Typical Alaskan...give us the snow please


----------



## ram_tough2001

yeah give us some of that snow! we are expecting our first snowfall since november, tonight. im gonna try to get some pics while out plowing tomorrow... hopefully i dont put myself in a ditch like last year when i was plowing on tires with very little tread left.


----------



## 2006Sierra1500

Were getting an inch of wet heavy snow with 1/10" of ice on top. F...M...L...where is the 2 feet of snow we had last year


----------



## 91AK250

calling for another 9-16" tonight/tomorrow....wonderful! lol


----------



## SnowMatt13

Are the majority of your snows lower moisture or do you get your fair share of wet/heavy events too?


----------



## 91AK250

in the fall and spring we get the wet heavy stuff..right now its nice light powder.


just got another 16" it was overflowing over the top of the plow!!! ugh!

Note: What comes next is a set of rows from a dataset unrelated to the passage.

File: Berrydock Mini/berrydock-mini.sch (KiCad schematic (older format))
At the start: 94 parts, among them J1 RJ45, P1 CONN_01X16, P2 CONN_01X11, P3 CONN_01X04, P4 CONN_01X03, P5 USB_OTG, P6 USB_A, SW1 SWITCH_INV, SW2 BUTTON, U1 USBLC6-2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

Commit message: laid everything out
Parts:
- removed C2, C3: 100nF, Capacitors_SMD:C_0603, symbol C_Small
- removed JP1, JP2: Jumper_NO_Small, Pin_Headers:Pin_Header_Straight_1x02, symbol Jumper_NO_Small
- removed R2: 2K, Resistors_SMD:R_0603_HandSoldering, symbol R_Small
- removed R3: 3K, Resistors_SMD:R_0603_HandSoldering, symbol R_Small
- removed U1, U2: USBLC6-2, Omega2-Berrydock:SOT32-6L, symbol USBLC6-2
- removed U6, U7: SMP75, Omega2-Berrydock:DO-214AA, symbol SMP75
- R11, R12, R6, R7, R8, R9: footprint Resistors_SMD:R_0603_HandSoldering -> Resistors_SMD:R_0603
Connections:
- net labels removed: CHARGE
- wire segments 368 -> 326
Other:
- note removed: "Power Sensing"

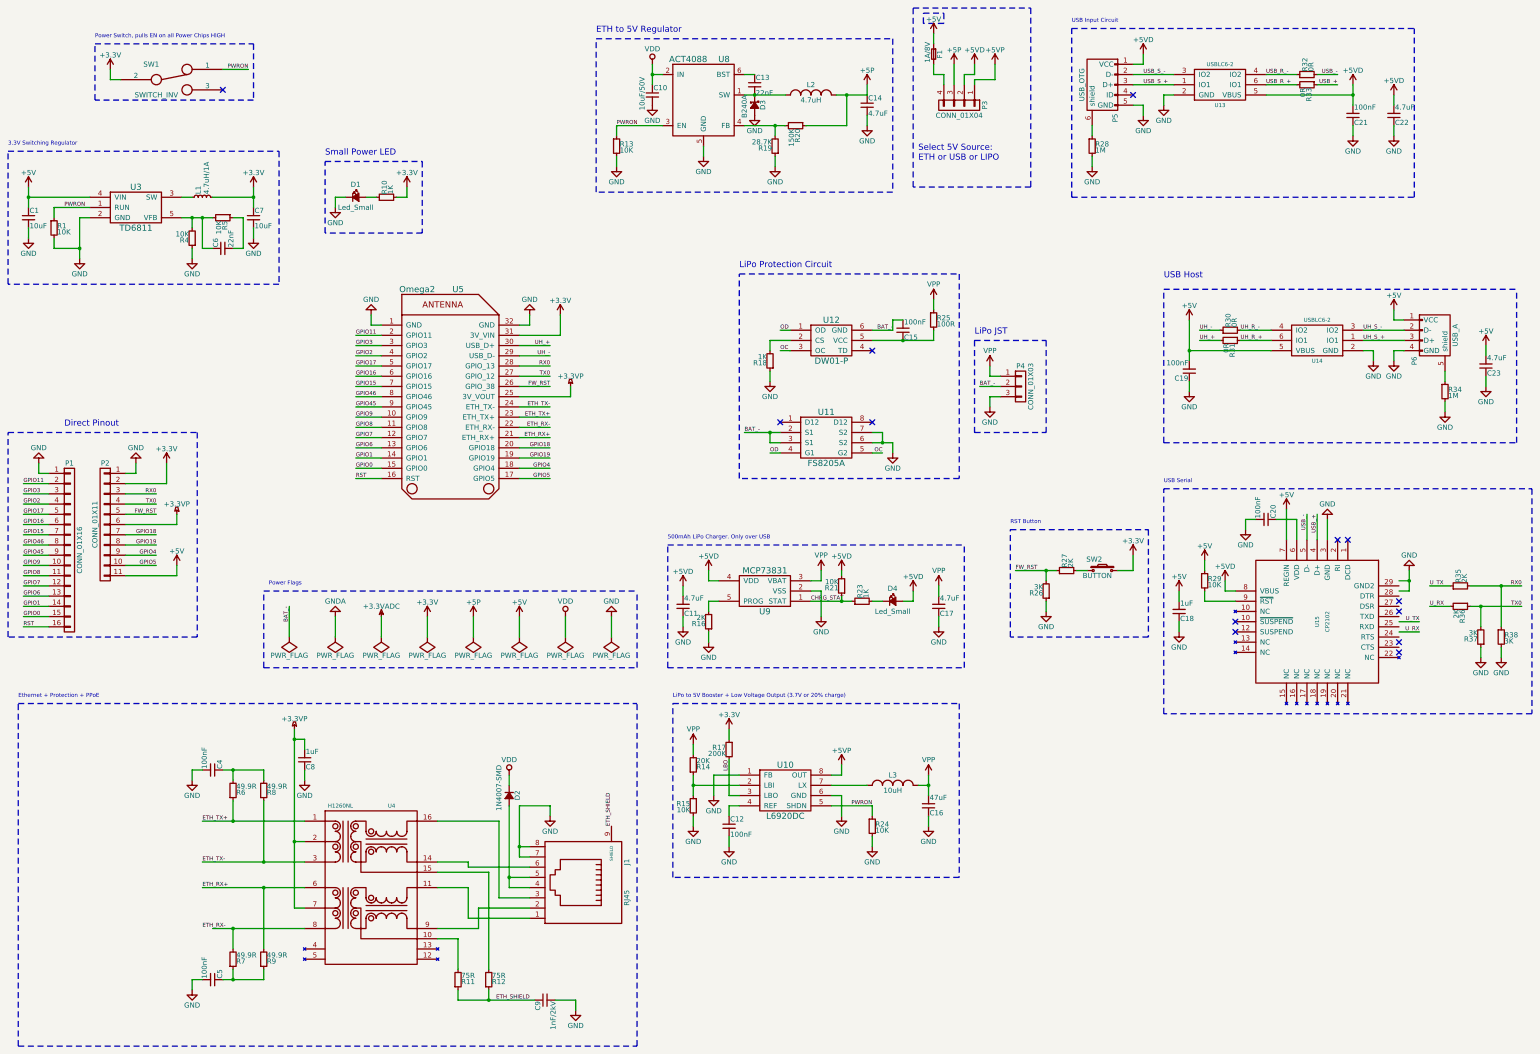
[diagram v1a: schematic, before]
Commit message: Finished Routing, only BoM and some nice graphics left to do
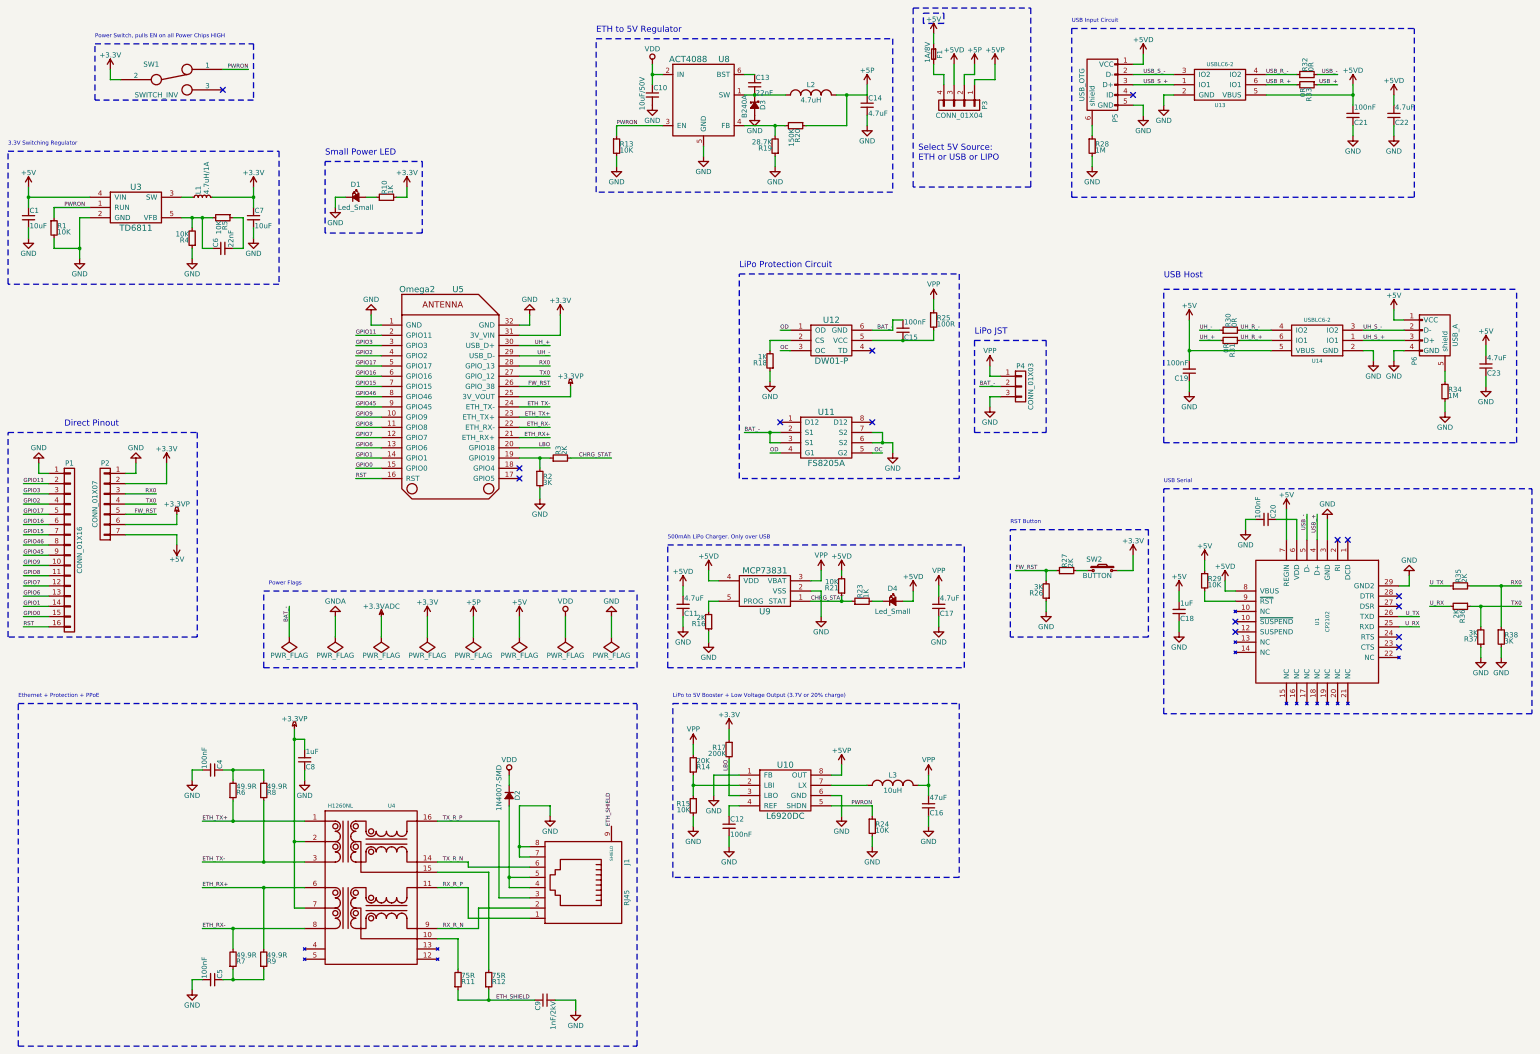
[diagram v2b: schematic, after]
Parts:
- removed P2: CONN_01X11, Pin_Headers:Pin_Header_Straight_1x11, symbol CONN_01X11
- removed U15: CP2102, Housings_DFN_QFN:QFN-28-1EP_5x5mm_Pitch0.5mm, symbol CP2102
- added P2: CONN_01X07, Pin_Headers:Pin_Header_Straight_1x07, symbol CONN_01X07
- added R2: 3K, Resistors_SMD:R_0603, symbol R_Small
- added R3: 2K, Resistors_SMD:R_0603, symbol R_Small
- added U1: CP2102, Omega2-Berrydock:QFN-28, symbol CP2102
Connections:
- net GPIO18 is gone; now on net LBO: U5.20 (GPIO18)
- net +3.3VP: now also P2.6 (P6)
- net +3V3: now also P2.2 (P2)
- net +5P: now also P3.2 (P2); no longer P3.3 (P3)
- net +5V: now also P2.7 (P7), U1.7 (REGIN)
- net +5VD: now also P3.3 (P3), U1.8 (VBUS); no longer P3.2 (P2)
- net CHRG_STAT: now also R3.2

i got the truck stuck when i got home in my yard and i just left it..i'm so done with today.


----------



## 91AK250

few crappy pics from yesterday


























stuck...where i left it


----------



## F350plowing

I wish we had that here


----------



## 91AK250

few smaller storms, then yesterday we got about 18"! so i got home from work there was a good 16" by then so i fired the truck up...did my driveway on my way out to head to my other drives i snapped the u-joint/stub shaft on the left front. so no 4x4! i was done...no way i could even get anywhere in that deep crap. today brought the truck in hoping i could get it fixed...cant get parts till monday! so my customers are screwed till this week..i told them to find somebody else this time around.

some pics


----------



## 91AK250




----------



## 91AK250




----------



## Milwaukee

WOW I wish those snow were in Michigan

After see couple pictures you post couple days ago. I was start thinking why not put snowblower on Bronco so you could make more profit by do snowblower.


----------



## gmule

Here is the aftermath from the 02/02/12 - 02/03/12 snowstorm. I ended up with 39.5" of the fluffy stuff.


----------



## Stik208

91AK250;1439993 said:


> today brought the truck in hoping i could get it fixed...cant get parts till monday! so my customers are screwed till this week..*i told them to find somebody else this time around*.


Paying customers? or family and friends? I would not be pleased if I were your customer and you told me that and would have told YOU to find someone this time around. Why not throw a mount on either the Excursion or Bronco for times like this?


----------



## 91AK250

they are all family or family friends that i have known all my life, good relationship. they pay but they all said no prob we all have 4x4 and ***** happens". a few said they would wait till this week, one said hes going to find somebody else and one shoveled a path for his wifes (awd)car. they are not typical customers, i dont really charge anywhere near going rate and they know that. so its a give/take. plus first time i've ever had a breakdown that caused drives not to be done.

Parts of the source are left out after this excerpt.